> _Work instructions_
Among the entries below, one stretch runs from the line that contains "#111=VERTEX_POINT('',#110);" through the line that contains "#160=CARTESIAN_POINT('',(-26.445415481705,23.,6.5));". Repeat that stretch exactly, ends included, and only that.

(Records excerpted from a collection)
*** Block opens ***

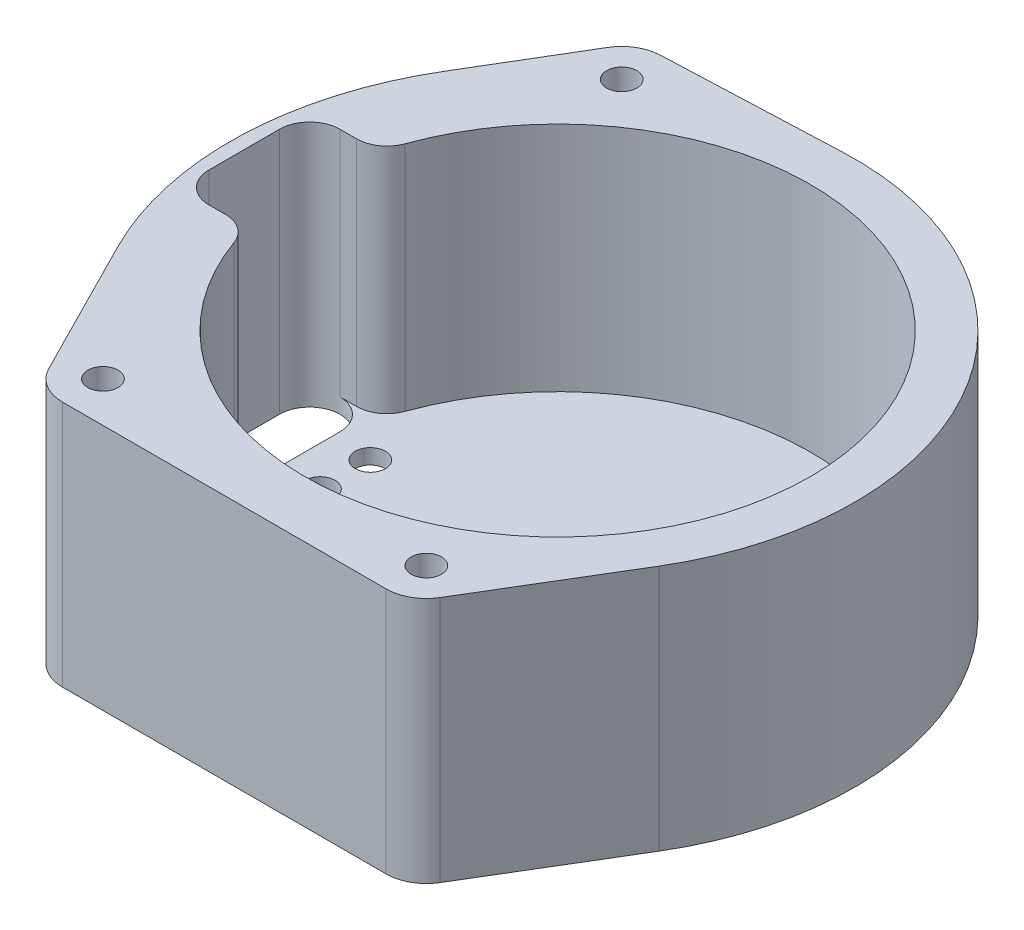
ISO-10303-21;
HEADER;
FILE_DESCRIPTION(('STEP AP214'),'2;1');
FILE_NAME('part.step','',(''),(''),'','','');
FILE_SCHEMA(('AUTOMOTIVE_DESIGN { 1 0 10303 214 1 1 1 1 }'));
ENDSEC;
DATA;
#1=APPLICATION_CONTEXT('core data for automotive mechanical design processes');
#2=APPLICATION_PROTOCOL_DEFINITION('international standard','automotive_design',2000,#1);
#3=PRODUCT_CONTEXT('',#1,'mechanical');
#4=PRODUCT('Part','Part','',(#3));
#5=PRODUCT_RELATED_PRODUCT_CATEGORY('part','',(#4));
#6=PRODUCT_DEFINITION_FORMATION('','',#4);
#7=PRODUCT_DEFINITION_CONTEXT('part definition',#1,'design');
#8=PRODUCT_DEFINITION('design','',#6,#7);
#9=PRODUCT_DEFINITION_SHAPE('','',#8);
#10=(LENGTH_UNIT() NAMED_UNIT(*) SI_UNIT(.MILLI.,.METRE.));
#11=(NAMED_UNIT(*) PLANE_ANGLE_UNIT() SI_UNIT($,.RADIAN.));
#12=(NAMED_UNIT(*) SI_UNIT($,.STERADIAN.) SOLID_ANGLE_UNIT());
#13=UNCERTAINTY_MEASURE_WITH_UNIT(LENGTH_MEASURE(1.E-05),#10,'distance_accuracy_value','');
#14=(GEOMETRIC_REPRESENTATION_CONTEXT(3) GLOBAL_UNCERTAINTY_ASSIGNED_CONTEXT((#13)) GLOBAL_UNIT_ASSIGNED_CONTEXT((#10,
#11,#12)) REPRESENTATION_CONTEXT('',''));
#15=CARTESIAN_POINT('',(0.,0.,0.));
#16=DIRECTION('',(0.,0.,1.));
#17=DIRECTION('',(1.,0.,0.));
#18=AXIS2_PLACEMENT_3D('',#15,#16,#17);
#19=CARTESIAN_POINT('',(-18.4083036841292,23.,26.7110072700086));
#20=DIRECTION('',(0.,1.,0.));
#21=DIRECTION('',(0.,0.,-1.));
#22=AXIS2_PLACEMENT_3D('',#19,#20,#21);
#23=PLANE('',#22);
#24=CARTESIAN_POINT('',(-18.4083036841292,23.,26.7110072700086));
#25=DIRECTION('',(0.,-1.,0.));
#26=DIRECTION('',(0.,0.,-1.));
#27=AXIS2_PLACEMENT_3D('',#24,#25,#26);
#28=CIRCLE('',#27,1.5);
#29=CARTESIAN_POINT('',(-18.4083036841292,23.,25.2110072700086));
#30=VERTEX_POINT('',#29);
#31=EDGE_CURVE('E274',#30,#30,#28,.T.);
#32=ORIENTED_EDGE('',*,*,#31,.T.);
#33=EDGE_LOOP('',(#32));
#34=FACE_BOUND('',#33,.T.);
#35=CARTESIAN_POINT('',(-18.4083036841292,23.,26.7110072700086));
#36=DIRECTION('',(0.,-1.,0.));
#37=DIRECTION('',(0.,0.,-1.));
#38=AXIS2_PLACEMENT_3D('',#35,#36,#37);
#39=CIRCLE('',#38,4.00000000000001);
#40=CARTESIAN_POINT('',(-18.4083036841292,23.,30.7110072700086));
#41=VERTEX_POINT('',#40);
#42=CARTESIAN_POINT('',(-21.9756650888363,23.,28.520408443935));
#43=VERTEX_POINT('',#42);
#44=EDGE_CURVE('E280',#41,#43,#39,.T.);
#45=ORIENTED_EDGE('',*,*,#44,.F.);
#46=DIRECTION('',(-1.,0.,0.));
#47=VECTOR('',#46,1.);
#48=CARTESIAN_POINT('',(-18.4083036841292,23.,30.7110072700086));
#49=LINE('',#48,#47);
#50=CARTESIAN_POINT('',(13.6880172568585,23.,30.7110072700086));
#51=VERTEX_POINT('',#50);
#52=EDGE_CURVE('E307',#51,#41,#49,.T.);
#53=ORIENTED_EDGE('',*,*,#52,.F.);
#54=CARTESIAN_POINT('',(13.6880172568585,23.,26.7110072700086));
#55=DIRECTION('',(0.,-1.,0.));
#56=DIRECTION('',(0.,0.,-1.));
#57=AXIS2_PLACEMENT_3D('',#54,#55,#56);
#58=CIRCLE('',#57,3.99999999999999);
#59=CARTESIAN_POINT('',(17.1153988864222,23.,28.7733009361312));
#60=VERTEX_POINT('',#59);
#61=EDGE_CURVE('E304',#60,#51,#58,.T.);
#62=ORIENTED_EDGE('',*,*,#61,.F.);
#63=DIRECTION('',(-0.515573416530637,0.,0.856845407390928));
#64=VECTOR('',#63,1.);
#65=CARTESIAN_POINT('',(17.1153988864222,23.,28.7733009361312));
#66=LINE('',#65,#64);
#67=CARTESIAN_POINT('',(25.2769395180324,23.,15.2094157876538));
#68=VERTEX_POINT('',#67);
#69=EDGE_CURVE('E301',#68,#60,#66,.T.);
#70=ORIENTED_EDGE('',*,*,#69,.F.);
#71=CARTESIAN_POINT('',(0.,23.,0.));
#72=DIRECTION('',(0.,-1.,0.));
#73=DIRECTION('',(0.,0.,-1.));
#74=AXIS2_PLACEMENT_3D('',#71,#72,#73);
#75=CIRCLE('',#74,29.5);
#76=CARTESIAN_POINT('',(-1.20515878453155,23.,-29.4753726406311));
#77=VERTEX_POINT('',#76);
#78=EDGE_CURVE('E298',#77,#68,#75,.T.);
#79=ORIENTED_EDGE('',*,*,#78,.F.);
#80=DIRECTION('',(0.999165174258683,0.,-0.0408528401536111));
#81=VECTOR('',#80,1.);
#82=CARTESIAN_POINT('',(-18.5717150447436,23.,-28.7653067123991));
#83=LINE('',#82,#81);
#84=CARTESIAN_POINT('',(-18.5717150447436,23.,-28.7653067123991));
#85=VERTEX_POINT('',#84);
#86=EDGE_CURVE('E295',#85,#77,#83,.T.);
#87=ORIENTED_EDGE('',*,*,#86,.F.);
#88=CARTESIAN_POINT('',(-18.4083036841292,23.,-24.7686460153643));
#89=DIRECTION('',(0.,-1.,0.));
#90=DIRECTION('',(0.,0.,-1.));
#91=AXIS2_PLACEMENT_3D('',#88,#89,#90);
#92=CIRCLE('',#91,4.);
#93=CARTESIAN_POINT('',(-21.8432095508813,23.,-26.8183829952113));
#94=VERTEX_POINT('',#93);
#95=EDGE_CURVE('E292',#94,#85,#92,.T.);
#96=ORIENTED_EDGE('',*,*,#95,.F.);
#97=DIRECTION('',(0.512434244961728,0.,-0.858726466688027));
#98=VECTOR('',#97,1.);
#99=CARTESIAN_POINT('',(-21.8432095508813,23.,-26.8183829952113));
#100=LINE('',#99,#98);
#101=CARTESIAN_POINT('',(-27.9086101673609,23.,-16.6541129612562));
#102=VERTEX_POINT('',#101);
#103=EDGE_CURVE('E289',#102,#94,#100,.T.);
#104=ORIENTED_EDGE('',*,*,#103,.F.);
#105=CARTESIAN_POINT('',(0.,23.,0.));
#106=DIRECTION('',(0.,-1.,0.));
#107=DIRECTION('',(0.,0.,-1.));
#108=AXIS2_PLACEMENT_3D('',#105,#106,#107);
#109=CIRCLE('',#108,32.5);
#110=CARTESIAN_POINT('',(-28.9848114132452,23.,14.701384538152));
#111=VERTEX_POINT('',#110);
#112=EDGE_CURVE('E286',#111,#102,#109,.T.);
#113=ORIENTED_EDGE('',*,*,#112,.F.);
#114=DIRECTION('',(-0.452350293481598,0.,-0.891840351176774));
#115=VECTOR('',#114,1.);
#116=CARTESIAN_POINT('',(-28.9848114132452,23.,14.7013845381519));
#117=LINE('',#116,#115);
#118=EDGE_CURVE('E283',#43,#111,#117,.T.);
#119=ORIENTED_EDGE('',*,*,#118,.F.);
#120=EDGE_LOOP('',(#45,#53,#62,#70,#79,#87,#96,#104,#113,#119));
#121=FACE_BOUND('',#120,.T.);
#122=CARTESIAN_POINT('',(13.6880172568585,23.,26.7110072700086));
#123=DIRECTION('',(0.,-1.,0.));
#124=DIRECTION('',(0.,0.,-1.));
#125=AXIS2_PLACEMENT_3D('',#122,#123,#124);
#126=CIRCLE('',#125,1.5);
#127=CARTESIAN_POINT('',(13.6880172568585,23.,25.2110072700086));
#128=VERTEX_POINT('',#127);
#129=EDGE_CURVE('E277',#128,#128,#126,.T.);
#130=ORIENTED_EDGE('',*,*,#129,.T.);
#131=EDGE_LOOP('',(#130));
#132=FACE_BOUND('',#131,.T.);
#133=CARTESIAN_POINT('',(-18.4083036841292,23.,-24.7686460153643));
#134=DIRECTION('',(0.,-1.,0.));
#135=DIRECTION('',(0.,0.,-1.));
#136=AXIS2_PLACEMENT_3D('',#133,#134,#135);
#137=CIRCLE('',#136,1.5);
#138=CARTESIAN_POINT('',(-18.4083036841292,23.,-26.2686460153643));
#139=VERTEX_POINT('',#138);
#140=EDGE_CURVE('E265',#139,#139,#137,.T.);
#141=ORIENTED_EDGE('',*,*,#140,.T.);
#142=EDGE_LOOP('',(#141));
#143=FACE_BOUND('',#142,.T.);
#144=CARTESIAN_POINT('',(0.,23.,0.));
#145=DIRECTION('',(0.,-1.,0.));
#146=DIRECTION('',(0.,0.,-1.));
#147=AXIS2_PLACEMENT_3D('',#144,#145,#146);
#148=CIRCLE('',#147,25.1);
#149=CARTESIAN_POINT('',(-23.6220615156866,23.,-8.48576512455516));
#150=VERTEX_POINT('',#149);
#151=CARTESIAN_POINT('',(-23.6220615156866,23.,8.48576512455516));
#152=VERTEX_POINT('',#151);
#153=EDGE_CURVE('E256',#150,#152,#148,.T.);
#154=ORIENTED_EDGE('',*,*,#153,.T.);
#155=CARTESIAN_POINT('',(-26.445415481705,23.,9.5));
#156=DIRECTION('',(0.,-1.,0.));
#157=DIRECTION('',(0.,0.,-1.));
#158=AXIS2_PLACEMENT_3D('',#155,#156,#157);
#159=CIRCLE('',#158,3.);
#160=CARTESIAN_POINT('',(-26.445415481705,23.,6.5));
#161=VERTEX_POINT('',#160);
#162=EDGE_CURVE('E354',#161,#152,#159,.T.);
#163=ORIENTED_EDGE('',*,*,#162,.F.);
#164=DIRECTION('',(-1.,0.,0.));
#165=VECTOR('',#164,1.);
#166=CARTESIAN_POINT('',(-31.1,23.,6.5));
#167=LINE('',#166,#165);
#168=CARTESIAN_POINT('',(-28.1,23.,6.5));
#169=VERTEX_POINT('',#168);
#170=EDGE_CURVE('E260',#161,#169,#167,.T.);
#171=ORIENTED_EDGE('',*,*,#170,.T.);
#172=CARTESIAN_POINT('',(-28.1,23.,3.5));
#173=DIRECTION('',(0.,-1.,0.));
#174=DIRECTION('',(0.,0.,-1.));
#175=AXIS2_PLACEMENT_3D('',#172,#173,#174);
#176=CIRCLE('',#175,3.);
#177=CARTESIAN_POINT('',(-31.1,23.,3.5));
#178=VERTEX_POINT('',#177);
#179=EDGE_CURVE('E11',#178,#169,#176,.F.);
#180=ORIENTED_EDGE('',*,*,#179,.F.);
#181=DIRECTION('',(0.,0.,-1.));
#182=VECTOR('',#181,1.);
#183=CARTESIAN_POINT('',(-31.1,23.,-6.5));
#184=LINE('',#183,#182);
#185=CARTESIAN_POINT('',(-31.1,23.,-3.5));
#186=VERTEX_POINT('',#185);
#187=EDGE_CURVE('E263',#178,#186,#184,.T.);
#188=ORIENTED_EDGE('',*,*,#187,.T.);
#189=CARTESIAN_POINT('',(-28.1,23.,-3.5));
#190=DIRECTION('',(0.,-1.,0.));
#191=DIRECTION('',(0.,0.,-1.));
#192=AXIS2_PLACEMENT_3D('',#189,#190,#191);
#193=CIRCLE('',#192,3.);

*** Block closes ***

> _Reply to the task_
#111=VERTEX_POINT('',#110);
#112=EDGE_CURVE('E286',#111,#102,#109,.T.);
#113=ORIENTED_EDGE('',*,*,#112,.F.);
#114=DIRECTION('',(-0.452350293481598,0.,-0.891840351176774));
#115=VECTOR('',#114,1.);
#116=CARTESIAN_POINT('',(-28.9848114132452,23.,14.7013845381519));
#117=LINE('',#116,#115);
#118=EDGE_CURVE('E283',#43,#111,#117,.T.);
#119=ORIENTED_EDGE('',*,*,#118,.F.);
#120=EDGE_LOOP('',(#45,#53,#62,#70,#79,#87,#96,#104,#113,#119));
#121=FACE_BOUND('',#120,.T.);
#122=CARTESIAN_POINT('',(13.6880172568585,23.,26.7110072700086));
#123=DIRECTION('',(0.,-1.,0.));
#124=DIRECTION('',(0.,0.,-1.));
#125=AXIS2_PLACEMENT_3D('',#122,#123,#124);
#126=CIRCLE('',#125,1.5);
#127=CARTESIAN_POINT('',(13.6880172568585,23.,25.2110072700086));
#128=VERTEX_POINT('',#127);
#129=EDGE_CURVE('E277',#128,#128,#126,.T.);
#130=ORIENTED_EDGE('',*,*,#129,.T.);
#131=EDGE_LOOP('',(#130));
#132=FACE_BOUND('',#131,.T.);
#133=CARTESIAN_POINT('',(-18.4083036841292,23.,-24.7686460153643));
#134=DIRECTION('',(0.,-1.,0.));
#135=DIRECTION('',(0.,0.,-1.));
#136=AXIS2_PLACEMENT_3D('',#133,#134,#135);
#137=CIRCLE('',#136,1.5);
#138=CARTESIAN_POINT('',(-18.4083036841292,23.,-26.2686460153643));
#139=VERTEX_POINT('',#138);
#140=EDGE_CURVE('E265',#139,#139,#137,.T.);
#141=ORIENTED_EDGE('',*,*,#140,.T.);
#142=EDGE_LOOP('',(#141));
#143=FACE_BOUND('',#142,.T.);
#144=CARTESIAN_POINT('',(0.,23.,0.));
#145=DIRECTION('',(0.,-1.,0.));
#146=DIRECTION('',(0.,0.,-1.));
#147=AXIS2_PLACEMENT_3D('',#144,#145,#146);
#148=CIRCLE('',#147,25.1);
#149=CARTESIAN_POINT('',(-23.6220615156866,23.,-8.48576512455516));
#150=VERTEX_POINT('',#149);
#151=CARTESIAN_POINT('',(-23.6220615156866,23.,8.48576512455516));
#152=VERTEX_POINT('',#151);
#153=EDGE_CURVE('E256',#150,#152,#148,.T.);
#154=ORIENTED_EDGE('',*,*,#153,.T.);
#155=CARTESIAN_POINT('',(-26.445415481705,23.,9.5));
#156=DIRECTION('',(0.,-1.,0.));
#157=DIRECTION('',(0.,0.,-1.));
#158=AXIS2_PLACEMENT_3D('',#155,#156,#157);
#159=CIRCLE('',#158,3.);
#160=CARTESIAN_POINT('',(-26.445415481705,23.,6.5));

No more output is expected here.